Parmi ses grands frères en littératures, notamment de ceux qui le conduisirent de l’autre côté de l’Atlantique, Olivier Adam cite irrémédiablement Philippe Djian. D’ailleurs, le romancier breton met en exergue de son dernier roman, Des vents contraires, les paroles du chansonnier de Stephan Eicher : « On ne refait pas sa vie/On continue seulement/On dort moins bien la nuit… » L’imparfait en moins, Philippe Djian aurait pu introduire Impardonnables avec ces mêmes mots, ses mots.
Son héros, Francis, a vu disparaître trois de ces femmes : voici plus de dix ans, son épouse et sa fille aînée sont mortes dans un accident de voitures. Lui est resté Alice. Mais, sa fougueuse (fugueuse ?) cadette, entre temps devenue mère et actrice, vient d’être portée disparue. « Est-ce qu’un père pouvait perdre ses deux filles à douze ans d’intervalle ? Le sort pouvait-il s’acharner ainsi ? » (p 29) se demande Francis, un œil sur ses petites filles, l’autre sur son clavier de romancier et ses livres délaissés. Le « sort s’acharne » d’autant plus que même celle qui symbolisait le « printemps » après l’accident, celle qui aurait du être son havre de paix, Judith, lui cause beaucoup de soucis. Agente immobilière de profession, la seconde femme de Francis traverse sans cesse la frontière, vend toute la Côte espagnole à de riches Russes… si bien que lorsqu’elle franchit la porte de leur maison, ce n’est qu’un coup de vent et elle se fait uniquement super-grand-mère qui lit Jane Austen à ses petits enfants. Pour discuter lors de ses longues veillées d’angoisses, le narrateur n’a plus qu’Anne-Marie, A.M, une vieille amie de lycée qu’il a engagée comme détective pour retrouver sa fille.

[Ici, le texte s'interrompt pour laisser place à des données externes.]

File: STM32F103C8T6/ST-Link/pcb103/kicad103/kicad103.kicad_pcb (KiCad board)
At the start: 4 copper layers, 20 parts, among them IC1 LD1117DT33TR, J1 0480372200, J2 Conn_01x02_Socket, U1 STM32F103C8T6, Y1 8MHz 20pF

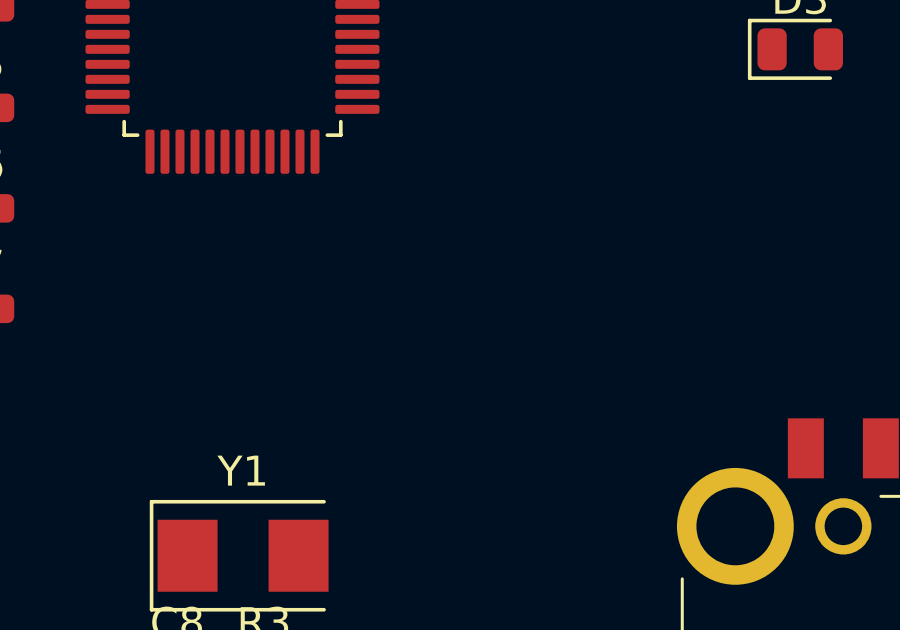
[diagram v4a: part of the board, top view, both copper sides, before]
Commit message: Pull-up resistor on USB_DP line
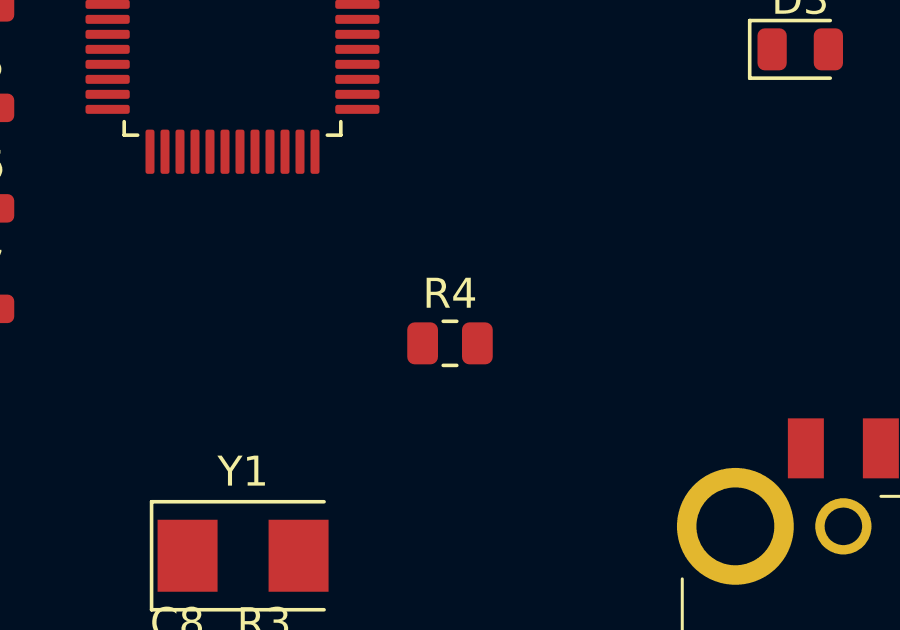
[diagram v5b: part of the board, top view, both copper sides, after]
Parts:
- added R4: 1k5, Resistor_SMD:R_0805_2012Metric, F.Cu at (196.6, 63.7)
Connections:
- net Net-(U1-VBAT) renamed +3.3V
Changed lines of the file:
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@@
   (net 0 "")
   (net 1 "Net-(D1-K)")
-  (net 2 "Net-(U1-VBAT)")
+  (net 2 "+3.3V")
   (net 3 "/USB_D-")
   (net 4 "GND")
@@
       (stroke (width 0.1) (type solid)) (layer "F.Fab"))
     (pad "1" smd roundrect (at -0.775 0) (size 0.9 0.95) (layers "F.Cu" "F.Paste" "F.Mask") (roundrect_rratio 0.25)
-      (net 2 "Net-(U1-VBAT)") (pintype "passive"))
+      (net 2 "+3.3V") (pintype "passive"))
     (pad "2" smd roundrect (at 0.775 0) (size 0.9 0.95) (layers "F.Cu" "F.Paste" "F.Mask") (roundrect_rratio 0.25)
       (net 4 "GND") (pintype "passive"))
@@
       (stroke (width 0.1) (type solid)) (layer "F.Fab"))
     (pad "1" smd roundrect (at -0.775 0) (size 0.9 0.95) (layers "F.Cu" "F.Paste" "F.Mask") (roundrect_rratio 0.25)
-      (net 2 "Net-(U1-VBAT)") (pintype "passive"))
+      (net 2 "+3.3V") (pintype "passive"))
     (pad "2" smd roundrect (at 0.775 0) (size 0.9 0.95) (layers "F.Cu" "F.Paste" "F.Mask") (roundrect_rratio 0.25)
       (net 4 "GND") (pintype "passive"))
@@
       (stroke (width 0.1) (type solid)) (layer "F.Fab"))
     (pad "1" smd roundrect (at -0.775 0) (size 0.9 0.95) (layers "F.Cu" "F.Paste" "F.Mask") (roundrect_rratio 0.25)
-      (net 2 "Net-(U1-VBAT)") (pintype "passive"))
+      (net 2 "+3.3V") (pintype "passive"))
     (pad "2" smd roundrect (at 0.775 0) (size 0.9 0.95) (layers "F.Cu" "F.Paste" "F.Mask") (roundrect_rratio 0.25)
       (net 4 "GND") (pintype "passive"))
@@
       (stroke (width 0.1) (type solid)) (layer "F.Fab"))
     (pad "1" smd roundrect (at -0.775 0) (size 0.9 0.95) (layers "F.Cu" "F.Paste" "F.Mask") (roundrect_rratio 0.25)
-      (net 2 "Net-(U1-VBAT)") (pintype "passive"))
+      (net 2 "+3.3V") (pintype "passive"))
     (pad "2" smd roundrect (at 0.775 0) (size 0.9 0.95) (layers "F.Cu" "F.Paste" "F.Mask") (roundrect_rratio 0.25)
       (net 4 "GND") (pintype "passive"))
@@
       (stroke (width 0.1) (type solid)) (layer "F.Fab"))
     (pad "1" smd roundrect (at -4.1625 -2.75) (size 1.475 0.3) (layers "F.Cu" "F.Paste" "F.Mask") (roundrect_rratio 0.25)
-      (net 2 "Net-(U1-VBAT)") (pinfunction "VBAT") (pintype "power_in"))
+      (net 2 "+3.3V") (pinfunction "VBAT") (pintype "power_in"))
     (pad "2" smd roundrect (at -4.1625 -2.25) (size 1.475 0.3) (layers "F.Cu" "F.Paste" "F.Mask") (roundrect_rratio 0.25)
       (net 50 "Net-(D3-A)") (pinfunction "PC13") (pintype "bidirectional"))
@@
       (net 4 "GND") (pinfunction "VSSA") (pintype "power_in"))
     (pad "9" smd roundrect (at -4.1625 1.25) (size 1.475 0.3) (layers "F.Cu" "F.Paste" "F.Mask") (roundrect_rratio 0.25)
-      (net 2 "Net-(U1-VBAT)") (pinfunction "VDDA") (pintype "power_in"))
+      (net 2 "+3.3V") (pinfunction "VDDA") (pintype "power_in"))
     (pad "10" smd roundrect (at -4.1625 1.75) (size 1.475 0.3) (layers "F.Cu" "F.Paste" "F.Mask") (roundrect_rratio 0.25)
       (net 18 "unconnected-(U1-PA0-Pad10)") (pinfunction "PA0") (pintype "bidirectional+no_connect"))
@@
       (net 4 "GND") (pinfunction "VSS") (pintype "power_in"))
     (pad "24" smd roundrect (at 2.75 4.1625) (size 0.3 1.475) (layers "F.Cu" "F.Paste" "F.Mask") (roundrect_rratio 0.25)
-      (net 2 "Net-(U1-VBAT)") (pinfunction "VDD") (pintype "power_in"))
+      (net 2 "+3.3V") (pinfunction "VDD") (pintype "power_in"))
     (pad "25" smd roundrect (at 4.1625 2.75) (size 1.475 0.3) (layers "F.Cu" "F.Paste" "F.Mask") (roundrect_rratio 0.25)
       (net 31 "unconnected-(U1-PB12-Pad25)") (pinfunction "PB12") (pintype "bidirectional+no_connect"))
@@
       (net 4 "GND") (pinfunction "VSS") (pintype "passive"))
     (pad "36" smd roundrect (at 4.1625 -2.75) (size 1.475 0.3) (layers "F.Cu" "F.Paste" "F.Mask") (roundrect_rratio 0.25)
-      (net 2 "Net-(U1-VBAT)") (pinfunction "VDD") (pintype "power_in"))
+      (net 2 "+3.3V") (pinfunction "VDD") (pintype "power_in"))
     (pad "37" smd roundrect (at 2.75 -4.1625) (size 0.3 1.475) (layers "F.Cu" "F.Paste" "F.Mask") (roundrect_rratio 0.25)
       (net 39 "unconnected-(U1-PA14-Pad37)") (pinfunction "PA14") (pintype "bidirectional+no_connect"))
@@
       (net 4 "GND") (pinfunction "VSS") (pintype "passive"))
     (pad "48" smd roundrect (at -2.75 -4.1625) (size 0.3 1.475) (layers "F.Cu" "F.Paste" "F.Mask") (roundrect_rratio 0.25)
-      (net 2 "Net-(U1-VBAT)") (pinfunction "VDD") (pintype "power_in"))
+      (net 2 "+3.3V") (pinfunction "VDD") (pintype "power_in"))
     (model "${KICAD6_3DMODEL_DIR}/Package_QFP.3dshapes/LQFP-48_7x7mm_P0.5mm.wrl"
       (offset (xyz 0 0 0))
@@
     )
   )
+  (footprint "Resistor_SMD:R_0805_2012Metric" (layer "F.Cu")
+    (at 196.5875 63.7)
+    (descr "Resistor SMD 0805 (2012 Metric), square (rectangular) end terminal, IPC_7351 nominal, (Body size source: IPC-SM-782 page 72, https://www.pcb-3d.com/wordpress/wp-content/uploads/ipc-sm-782a_amendment_1_and_2.pdf), generated with kicad-footprint-generator")
+    (tags "resistor")
+    (property "Sheetfile" "kicad103.kicad_sch")
+    (property "Sheetname" "")
+    (property "ki_description" "Resistor")
+    (property "ki_keywords" "R res resistor")
+    (attr smd)
+    (fp_text reference "R4" (at 0 -1.65) (layer "F.SilkS")
+        (effects (font (size 1 1) (thickness 0.15)))
+    )
+    (fp_text value "1k5" (at 0 1.65) (layer "F.Fab")
+        (effects (font (size 1 1) (thickness 0.15)))
+    )
+    (fp_text user "${REFERENCE}" (at 0 0) (layer "F.Fab")
+        (effects (font (size 0.5 0.5) (thickness 0.08)))
+    )
+    (fp_line (start -0.227064 -0.735) (end 0.227064 -0.735)
+      (stroke (width 0.12) (type solid)) (layer "F.SilkS"))
+    (fp_line (start -0.227064 0.735) (end 0.227064 0.735)
+      (stroke (width 0.12) (type solid)) (layer "F.SilkS"))
+    (fp_line (start -1.68 -0.95) (end 1.68 -0.95)
+      (stroke (width 0.05) (type solid)) (layer "F.CrtYd"))
+    (fp_line (start -1.68 0.95) (end -1.68 -0.95)
+      (stroke (width 0.05) (type solid)) (layer "F.CrtYd"))
+    (fp_line (start 1.68 -0.95) (end 1.68 0.95)
+      (stroke (width 0.05) (type solid)) (layer "F.CrtYd"))
+    (fp_line (start 1.68 0.95) (end -1.68 0.95)
+      (stroke (width 0.05) (type solid)) (layer "F.CrtYd"))
+    (fp_line (start -1 -0.625) (end 1 -0.625)
+      (stroke (width 0.1) (type solid)) (layer "F.Fab"))
+    (fp_line (start -1 0.625) (end -1 -0.625)
+      (stroke (width 0.1) (type solid)) (layer "F.Fab"))
+    (fp_line (start 1 -0.625) (end 1 0.625)
+      (stroke (width 0.1) (type solid)) (layer "F.Fab"))
+    (fp_line (start 1 0.625) (end -1 0.625)
+      (stroke (width 0.1) (type solid)) (layer "F.Fab"))
+    (pad "1" smd roundrect (at -0.9125 0) (size 1.025 1.4) (layers "F.Cu" "F.Paste" "F.Mask") (roundrect_rratio 0.243902)
+      (net 2 "+3.3V") (pintype "passive"))
+    (pad "2" smd roundrect (at 0.9125 0) (size 1.025 1.4) (layers "F.Cu" "F.Paste" "F.Mask") (roundrect_rratio 0.243902)
+      (net 11 "/USB_D+") (pintype "passive"))
+    (model "${KICAD6_3DMODEL_DIR}/Resistor_SMD.3dshapes/R_0805_2012Metric.wrl"
+      (offset (xyz 0 0 0))
+      (scale (xyz 1 1 1))
+      (rotate (xyz 0 0 0))
+    )
+  )
   (footprint "LED_SMD:LED_0805_2012Metric" (layer "F.Cu")
     (at 225.2625 66.4)
@@
       (stroke (width 0.1) (type solid)) (layer "F.Fab"))
     (pad "1" smd roundrect (at -0.775 0) (size 0.9 0.95) (layers "F.Cu" "F.Paste" "F.Mask") (roundrect_rratio 0.25)
-      (net 2 "Net-(U1-VBAT)") (pintype "passive"))
+      (net 2 "+3.3V") (pintype "passive"))
     (pad "2" smd roundrect (at 0.775 0) (size 0.9 0.95) (layers "F.Cu" "F.Paste" "F.Mask") (roundrect_rratio 0.25)
       (net 4 "GND") (pintype "passive"))

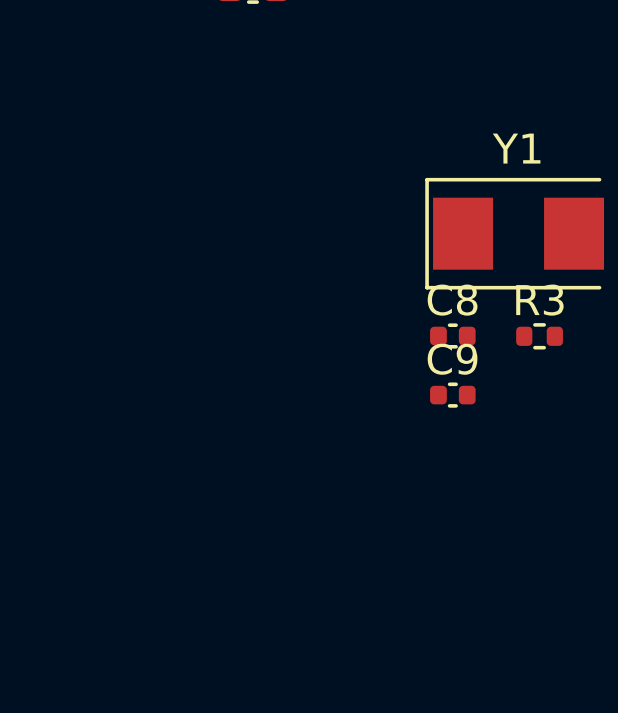
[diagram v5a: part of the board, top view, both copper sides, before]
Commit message: Add JTAG
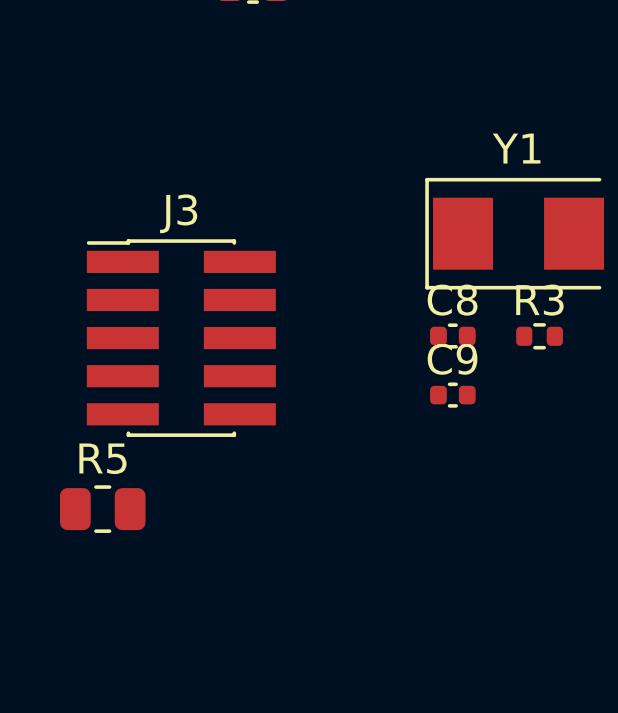
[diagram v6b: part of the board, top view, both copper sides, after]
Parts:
- added J3: Conn_02x05_Odd_Even, Connector_PinHeader_1.27mm:PinHeader_2x05_P1.27mm_Vertical_SMD, F.Cu at (178.4, 74.3)
- added R5: 1k5, Resistor_SMD:R_0805_2012Metric, F.Cu at (175.8, 80.0)
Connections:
- U1 pad 34: unconnected-(U1-PA13-Pad34) -> Net-(J3-Pin_2)
- U1 pad 37: unconnected-(U1-PA14-Pad37) -> Net-(J3-Pin_4)
- U1 pad 38: unconnected-(U1-PA15-Pad38) -> Net-(J3-Pin_8)
- U1 pad 39: unconnected-(U1-PB3-Pad39) -> Net-(J3-Pin_6)
- U1 pad 44: unconnected-(U1-BOOT0-Pad44) -> Net-(U1-BOOT0)
- U1 pad 7: unconnected-(U1-NRST-Pad7) -> Net-(J3-Pin_10)

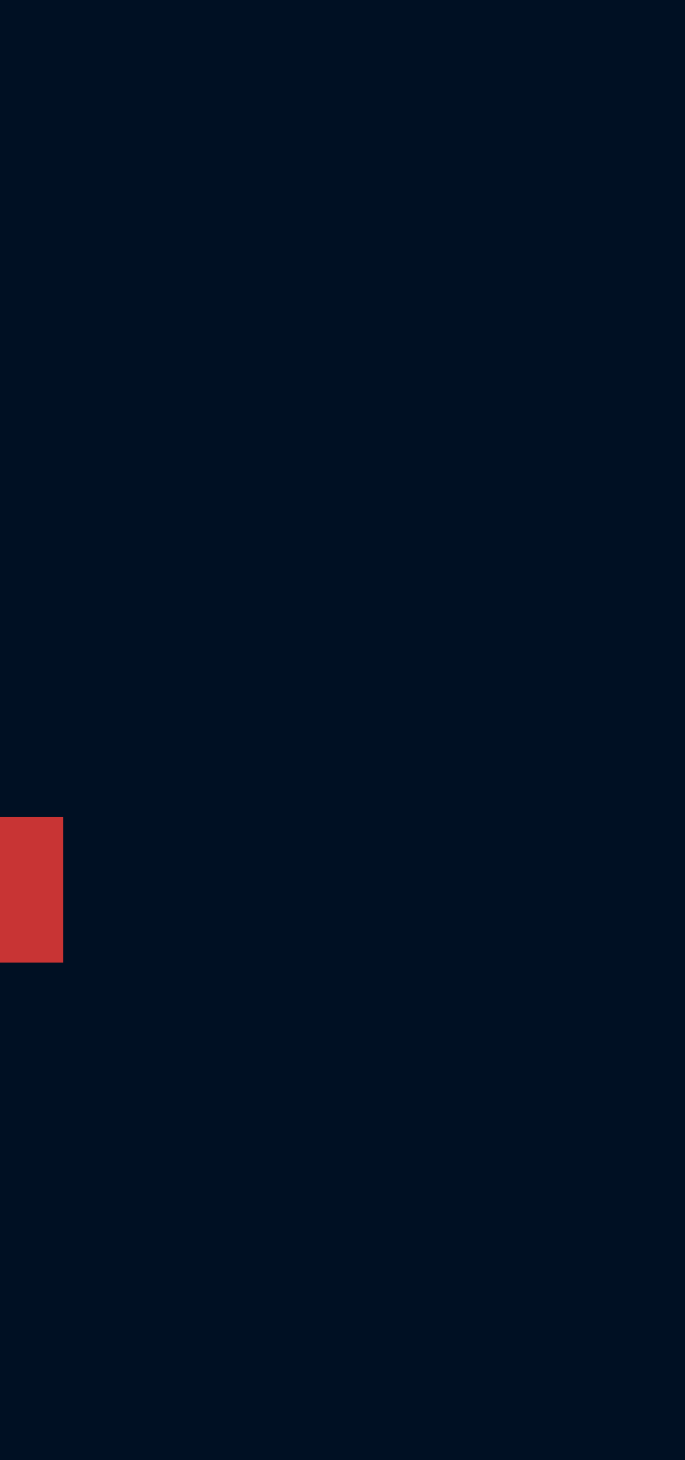
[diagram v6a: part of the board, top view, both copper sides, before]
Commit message: Remaining pins
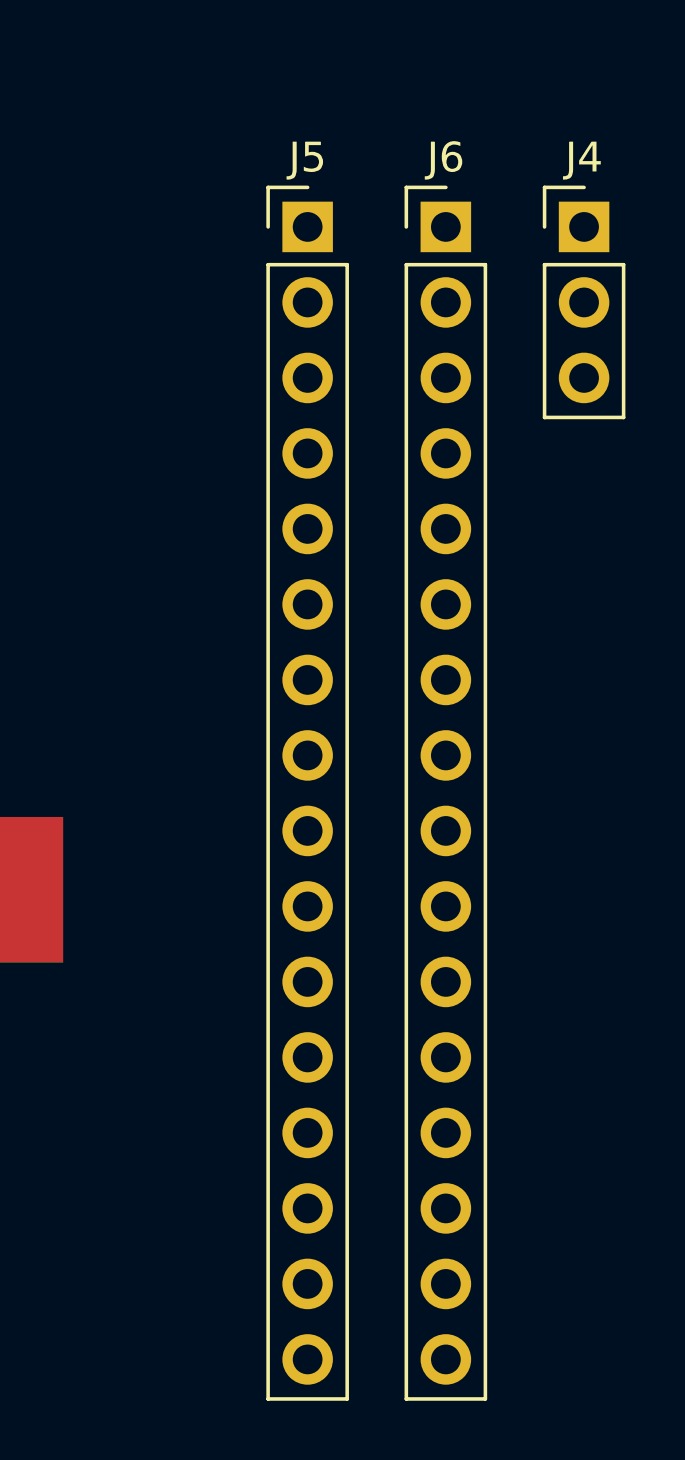
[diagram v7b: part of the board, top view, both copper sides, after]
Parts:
- added J4: Conn_01x03_Pin, Connector_PinHeader_2.54mm:PinHeader_1x03_P2.54mm_Vertical, F.Cu at (259.2, 51.9)
- added J5: Conn_01x16_Pin, Connector_PinHeader_2.54mm:PinHeader_1x16_P2.54mm_Vertical, F.Cu at (249.9, 51.9)
- added J6: Conn_01x16_Pin, Connector_PinHeader_2.54mm:PinHeader_1x16_P2.54mm_Vertical, F.Cu at (254.6, 51.9)
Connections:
- net Net-(D3-A) renamed PC13
- net Net-(J3-Pin_2) renamed PA13
- net Net-(J3-Pin_4) renamed PA14
- net Net-(J3-Pin_6) renamed PB3
- net Net-(J3-Pin_8) renamed PA15
- U1 pad 10: unconnected-(U1-PA0-Pad10) -> PA0
- U1 pad 11: unconnected-(U1-PA1-Pad11) -> PA1
- U1 pad 12: unconnected-(U1-PA2-Pad12) -> PA2
- U1 pad 13: unconnected-(U1-PA3-Pad13) -> PA3
- U1 pad 14: unconnected-(U1-PA4-Pad14) -> PA4
- U1 pad 15: unconnected-(U1-PA5-Pad15) -> PA5
- U1 pad 16: unconnected-(U1-PA6-Pad16) -> PA6
- U1 pad 17: unconnected-(U1-PA7-Pad17) -> PA7
- U1 pad 18: unconnected-(U1-PB0-Pad18) -> PB0
- U1 pad 19: unconnected-(U1-PB1-Pad19) -> PB1
- U1 pad 20: unconnected-(U1-PB2-Pad20) -> PB2
- U1 pad 21: unconnected-(U1-PB10-Pad21) -> PB10
- U1 pad 22: unconnected-(U1-PB11-Pad22) -> PB11
- U1 pad 25: unconnected-(U1-PB12-Pad25) -> PB12
- U1 pad 26: unconnected-(U1-PB13-Pad26) -> PB13
- U1 pad 27: unconnected-(U1-PB14-Pad27) -> PB14
- U1 pad 28: unconnected-(U1-PB15-Pad28) -> PB15
- U1 pad 29: unconnected-(U1-PA8-Pad29) -> PA8
- U1 pad 3: unconnected-(U1-PC14-Pad3) -> PC14
- U1 pad 30: unconnected-(U1-PA9-Pad30) -> PA9
- U1 pad 31: unconnected-(U1-PA10-Pad31) -> PA10
- U1 pad 4: unconnected-(U1-PC15-Pad4) -> PC15
- U1 pad 40: unconnected-(U1-PB4-Pad40) -> PB4
- U1 pad 41: unconnected-(U1-PB5-Pad41) -> PB5
- U1 pad 42: unconnected-(U1-PB6-Pad42) -> PB6
- U1 pad 43: unconnected-(U1-PB7-Pad43) -> PB7
- U1 pad 45: unconnected-(U1-PB8-Pad45) -> PB8
- U1 pad 46: unconnected-(U1-PB9-Pad46) -> PB9

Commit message: SWO/SWD
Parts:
- added J7: Conn_01x04_Pin, Connector_PinHeader_2.54mm:PinHeader_1x04_P2.54mm_Vertical, F.Cu at (194.7, 87.3)
- added J8: Conn_01x05_Socket, Connector_PinSocket_2.54mm:PinSocket_1x05_P2.54mm_Vertical, F.Cu at (190.1, 87.3)
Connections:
- D2 pad 1: Net-(D2-K) -> +3.3V
- R1 pad 1: Net-(D2-K) -> +3.3V

Le repos n’est pas permis à Francis, aussi Impardonnables ne sera guère le récit d’un vieux romancier préretraité en pays basques… Ecrit du point de vue du personnage principal, largement au style indirect libre, le roman mêle, comme dans le cerveau de l’analysé, évènements vécus et souvenirs douloureux. « Inventer une histoire est sans importance, seuls les mots comptent » disait l’auteur dans un entretien accordé à Télérama. Effectivement, dans Impardonnables, le suspens ne se loge pas dans le futur du personnage, -tout est d’avance annoncé- mais dans un passé évoqué par ellipses puis peu à peu épluché… L’intrigue trop vite dénouée n’a d’équivalent que les mots employés pour la noyer… Ce que Philippe Djian dit à Télérama, Francis, écrivain lui aussi, l’explique mieux encore, enfoncé dans le vieux canapé de son idôle, Hemingway (”Ernesto“) : « Aucun peintre, aucun musicien n’arrivait à la cheville d’un musicien. Tout le monde le sentait bien. Il m’arrivait de serrer si fort les dents au milieu d’une phrase que la pièce tout entière se mettait à siffler. Hemingway ne disait pas autre chose. L’herbe ne verdissait pas toute seule. Le paysage ne filait pas derrière la vitre par enchantement. » (p 132).
De telles assertions pourraient être pesantes si l’anti-héros qui les développe n’était pas, aussi noyé qu’il est dans sa douleur, doué d’humour… Judith le dit elle-même : Francis est l’un des “écrivains les plus drôles du monde” (p 183). Quand Olivier Adam est touchant, émouvant et paradoxalement ”frais” dans son imparfait employé consciencieusement -mais pas mois habilement-, Philippe Djian fait figure de vieux routier, clown triste qui, du haut du balcon de sa villa basque, se moque des autres comme de lui-même. Deux livres à lire donc.
Impardonnables, Philippe DJIAN, aux Editions Gallimard, 233 p, 22 janvier 2009
“Puis Judith m’avait appelé de Madrid, dans l’heure qui suivait, pour me parler de mon manque de coeur. Le culot de cette femme.” (p 24)
Marie Barral
Article paru dans la Boîte à sorties le 21 janvier dernier.